**TASK STATEMENT:**
Return exactly those lines of the material below that fall between the line holding "t_testBed_start = 1000000" and the line holding "undefined symbols (not", inclusive.

**EXTRACTED ENTRIES:**

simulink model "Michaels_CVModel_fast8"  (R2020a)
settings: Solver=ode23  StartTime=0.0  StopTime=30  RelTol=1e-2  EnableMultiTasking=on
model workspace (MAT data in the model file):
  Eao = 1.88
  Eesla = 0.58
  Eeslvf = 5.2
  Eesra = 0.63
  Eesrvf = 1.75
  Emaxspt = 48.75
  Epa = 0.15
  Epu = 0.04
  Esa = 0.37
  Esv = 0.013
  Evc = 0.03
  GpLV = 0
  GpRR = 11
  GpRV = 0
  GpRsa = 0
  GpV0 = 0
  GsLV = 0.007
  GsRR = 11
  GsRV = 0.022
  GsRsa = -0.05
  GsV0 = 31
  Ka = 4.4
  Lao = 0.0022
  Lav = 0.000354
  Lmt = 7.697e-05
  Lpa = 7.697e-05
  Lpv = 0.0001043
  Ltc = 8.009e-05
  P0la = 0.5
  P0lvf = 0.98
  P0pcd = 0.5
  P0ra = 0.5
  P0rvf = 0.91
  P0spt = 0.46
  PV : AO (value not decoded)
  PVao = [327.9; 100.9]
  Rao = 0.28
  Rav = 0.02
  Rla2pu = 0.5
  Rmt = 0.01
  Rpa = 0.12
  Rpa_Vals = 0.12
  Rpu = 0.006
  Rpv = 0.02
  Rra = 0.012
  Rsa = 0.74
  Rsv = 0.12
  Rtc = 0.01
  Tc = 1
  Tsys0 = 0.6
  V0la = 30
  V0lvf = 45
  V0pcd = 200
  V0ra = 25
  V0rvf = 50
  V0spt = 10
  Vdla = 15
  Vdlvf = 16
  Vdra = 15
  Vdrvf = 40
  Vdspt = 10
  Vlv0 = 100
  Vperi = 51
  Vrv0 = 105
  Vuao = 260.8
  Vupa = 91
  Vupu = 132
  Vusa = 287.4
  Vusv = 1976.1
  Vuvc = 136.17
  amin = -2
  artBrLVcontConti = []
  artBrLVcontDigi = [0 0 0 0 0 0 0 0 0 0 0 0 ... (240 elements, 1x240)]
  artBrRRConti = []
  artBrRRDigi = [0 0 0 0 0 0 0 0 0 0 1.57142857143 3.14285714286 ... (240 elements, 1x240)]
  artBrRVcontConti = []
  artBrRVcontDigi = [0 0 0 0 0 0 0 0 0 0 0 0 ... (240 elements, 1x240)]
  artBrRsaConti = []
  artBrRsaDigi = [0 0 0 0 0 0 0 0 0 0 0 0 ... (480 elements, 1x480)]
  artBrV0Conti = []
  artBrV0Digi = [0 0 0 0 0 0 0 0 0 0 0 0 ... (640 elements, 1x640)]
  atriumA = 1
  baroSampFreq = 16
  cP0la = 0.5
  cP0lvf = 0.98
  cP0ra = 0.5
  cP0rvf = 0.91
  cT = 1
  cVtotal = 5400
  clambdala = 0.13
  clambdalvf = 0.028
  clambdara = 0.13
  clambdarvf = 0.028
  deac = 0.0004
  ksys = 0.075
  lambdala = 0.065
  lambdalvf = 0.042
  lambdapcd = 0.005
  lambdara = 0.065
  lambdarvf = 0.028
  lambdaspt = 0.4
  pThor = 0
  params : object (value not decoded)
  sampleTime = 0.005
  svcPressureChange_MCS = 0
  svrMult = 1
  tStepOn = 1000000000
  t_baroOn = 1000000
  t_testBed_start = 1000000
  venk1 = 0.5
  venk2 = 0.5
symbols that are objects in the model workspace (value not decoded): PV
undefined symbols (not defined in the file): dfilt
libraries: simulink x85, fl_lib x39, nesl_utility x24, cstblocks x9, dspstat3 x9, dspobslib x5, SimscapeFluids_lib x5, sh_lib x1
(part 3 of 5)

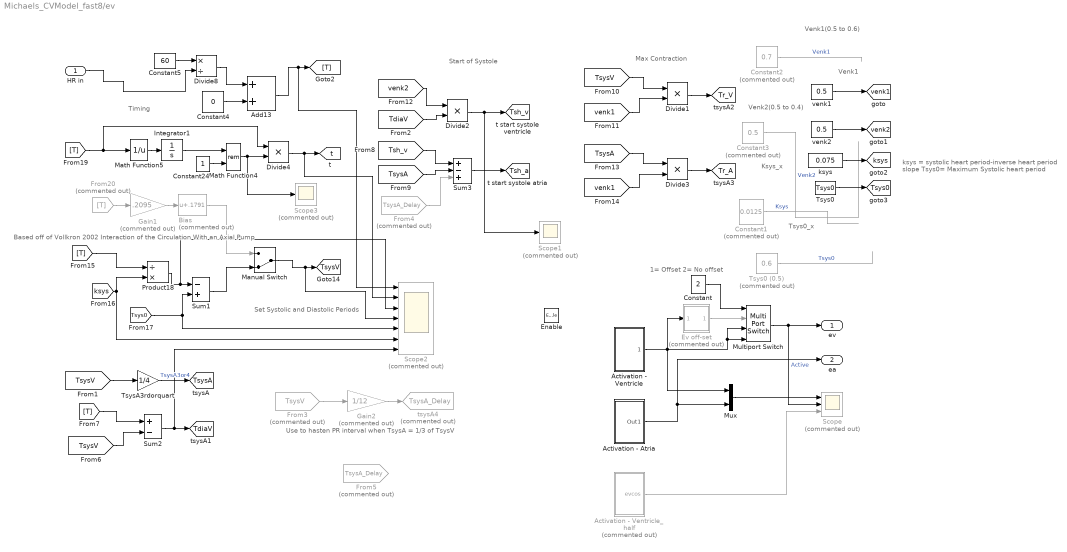
== system Michaels_CVModel_fast8/ev ==
  note: 1= Offset
      | 2= No offset
  note: ksys = systolic heart period-inverse heart period slope
      |
      | Tsys0= Maximum Systolic heart period
  note: Venk1(0.5 to 0.6)
  note: Ksys_x
  note: Timing
  note: Set Systolic and Diastolic Periods
  note: Start of Systole
  note: Max Contraction
  note: Venk1
  note: Based off of Vollkron 2002 Interaction of the Circulation With an Axial Pump
  note: Tsys0_x
  note: Venk2(0.5 to 0.4)
  note: Use to hasten PR interval when TsysA = 1/3 of TsysV
  HR in : Inport
  Enable : EnablePort
  Activation - Atria : Subsystem
  Activation - Ventricle : Subsystem
  Activation - Ventricle_half : Subsystem  Commented=on
  Add13 : Sum
  Bias : Bias  Commented=on  Bias=.1791
  Constant : Constant  Value=2
  Constant1 : Constant  Description=SettingsEV  Commented=on  Value=0.0125
  Constant2 : Constant  Description=SettingsEV  Commented=on  Value=0.7
  Constant24 : Constant
  Constant3 : Constant  Description=SettingsEV  Commented=on  Value=0.5
  Constant4 : Constant  Value=0
  Constant5 : Constant  Value=60
  Divide{1..4} (4 alike) : Product  Inputs=**
  Divide8 : Product  Inputs=*/
  Ev off-set : Subsystem  Commented=on
  From20 : From  Commented=on  GotoTag=T
      settings: CloseFcn=tagdialog Close
  From3 : From  Commented=on  GotoTag=TsysV  TagVisibility=global
      settings: CloseFcn=tagdialog Close
  From4 : From  Commented=on  GotoTag=TsysA_Delay
      settings: CloseFcn=tagdialog Close
  From5 : From  Commented=on  GotoTag=TsysA_Delay  TagVisibility=global
      settings: CloseFcn=tagdialog Close
  Gain1 : Gain  Commented=on  Gain=.2095
  Gain2 : Gain  Commented=on  Gain=1/12
  Integrator1 : Integrator
  Manual Switch : ManualSwitch  CurrentSetting=0
  Math Function4 : Math  Operator=rem  SignedPower=on  SaturateOnIntegerOverflow=on
  Math Function5 : Math  Operator=reciprocal  SignedPower=on  SaturateOnIntegerOverflow=on
  Multiport Switch : MultiPortSwitch
  Mux : Mux  Inputs=2
  Product18 : Product  Inputs=/*  InputSameDT=on  RndMeth=Zero  SaturateOnIntegerOverflow=on  OutDataTypeStr=Inherit: Same as first input
  Scope : Scope  Commented=on  NumInputPorts=3
  Scope1 : Scope  Commented=on
  Scope2 : Scope  Commented=on  NumInputPorts=7
  Scope3 : Scope  Commented=on
  Sum1 : Sum  Inputs=-+  InputSameDT=on  SaturateOnIntegerOverflow=on  OutDataTypeStr=Inherit: Same as first input
  Sum2 : Sum  Inputs=+-  InputSameDT=on  SaturateOnIntegerOverflow=on  OutDataTypeStr=Inherit: Same as first input
  Sum3 : Sum  Inputs=+-+  InputSameDT=on  SaturateOnIntegerOverflow=on  OutDataTypeStr=Inherit: Same as first input
  Tsys0 : Constant  Value=Tsys0
  Tsys0 (0.5) : Constant  Description=SettingsEV  Commented=on  Value=0.6
  TsysA3rdorquart : Gain  Gain=1/4
  ksys : Constant  Value=0.075
  tsysA4 : Goto  Commented=on  GotoTag=TsysA_Delay  TagVisibility=global
  venk1 : Constant  Value=0.5
  venk2 : Constant  Value=0.5
  ev : Outport  InitialOutput=0
  ea : Outport  Port=2  InitialOutput=0
  tag scope: TdiaV=global, Tr_A=global, Tr_V=global, Tsh_a=global, Tsh_v=global, Tsys0=global, TsysA=global, TsysV=global, ksys=global, t=global, venk1=global, venk2=global
  wires:
  [Tsys0] -> Sum1/2, Scope2/5
  Product18/1 -> Scope2/3, Sum1/1
  [ksys] -> Product18/2, Scope2/6
  Constant24/1 -> Math Function4/2
  Math Function5/1 -> Integrator1/1
  Integrator1/1 -> Math Function4/1
  [T] -> Math Function5/1, Divide4/1
  Math Function4/1 -> Scope3/1, Divide4/2
  Constant5/1 -> Divide8/1
  [TsysV] -> TsysA3rdorquart/1
  TsysA3rdorquart/1 -> [TsysA]  "TsysA3or4"
  [T] -> Sum2/1
  [TsysV] -> Sum2/2
  Sum2/1 -> Scope2/7, [TdiaV]
  [TdiaV] -> Divide2/2
  Divide2/1 -> [Tsh_v], Scope1/1
  [Tsh_v] -> Sum3/1
  [TsysA] -> Sum3/2
  Sum3/1 -> [Tsh_a]
  [TsysV] -> Divide1/1
  [venk1] -> Divide1/2
  [venk2] -> Divide2/1
  Divide1/1 -> [Tr_V]
  [TsysA] -> Divide3/1
  [venk1] -> Divide3/2
  Divide3/1 -> [Tr_A]
  [T] -> Product18/1
  Divide4/1 -> Scope2/2, [t]
  Sum1/1 -> Manual Switch/2
  Manual Switch/1 -> Scope2/4, [TsysV]
  From20/1 -> Gain1/1
  Gain1/1 -> Bias/1
  Bias/1 -> Manual Switch/1
  Mux/1 -> Scope/1
  Activation - Atria/1(Out1) -> ea/1, Mux/2
  HR in/1 -> Divide8/2
  Divide8/1 -> Add13/1
  Add13/1 -> Scope2/1, [T]
  Constant1/1 -> ?  "Ksys"
  Tsys0 (0.5)/1 -> ?  "Tsys0"
  Constant2/1 -> ?  "Venk1"
  Constant3/1 -> ?  "Venk2"
  Activation - Ventricle/1(1) -> Multiport Switch/4, Multiport Switch/3, Mux/1, Ev off-set/1(Inport)
  Activation - Ventricle_half/1(evcos) -> Scope/3
  Constant/1 -> Multiport Switch/1
  Ev off-set/1(" ") -> Multiport Switch/2
  Multiport Switch/1 -> Scope/2, ev/1  "Active"
  Constant4/1 -> Add13/2
  Gain2/1 -> tsysA4/1
  From3/1 -> Gain2/1
  From4/1 -> Sum3/3
  venk1/1 -> [venk1]
  venk2/1 -> [venk2]
  ksys/1 -> [ksys]
  Tsys0/1 -> [Tsys0]

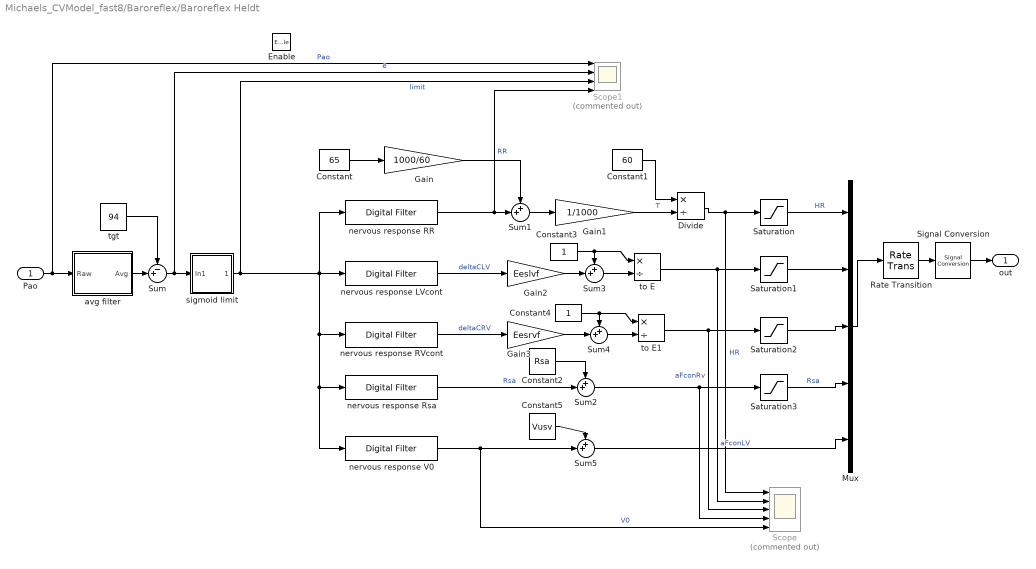
== system Michaels_CVModel_fast8/Baroreflex/Baroreflex Heldt ==
  Pao : Inport
  Enable : EnablePort
  Constant : Constant  Value=65
  Constant1 : Constant  Value=60
  Constant2 : Constant  Value=Rsa
  Constant3 : Constant
  Constant4 : Constant
  Constant5 : Constant  Value=Vusv
  Divide : Product  Inputs=*/
  Gain : Gain  Gain=1000/60
  Gain1 : Gain  Gain=1/1000
  Gain2 : Gain  Gain=Eeslvf
  Gain3 : Gain  Gain=Eesrvf
  Mux : Mux  Inputs=5
  Rate Transition : RateTransition  InitialCondition=[60,1,1,0.74,2000]
  Saturation : Saturate  UpperLimit=200  LowerLimit=30
  Saturation1 : Saturate  UpperLimit=10  LowerLimit=0.01
  Saturation2 : Saturate  UpperLimit=10  LowerLimit=0.01
  Saturation3 : Saturate  UpperLimit=inf  LowerLimit=0.001
  Scope : Scope  Commented=on  NumInputPorts=5
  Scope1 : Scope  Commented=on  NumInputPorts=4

**WRITTEN ANSWER:**
  t_testBed_start = 1000000
  venk1 = 0.5
  venk2 = 0.5
symbols that are objects in the model workspace (value not decoded): PV
undefined symbols (not defined in the file): dfilt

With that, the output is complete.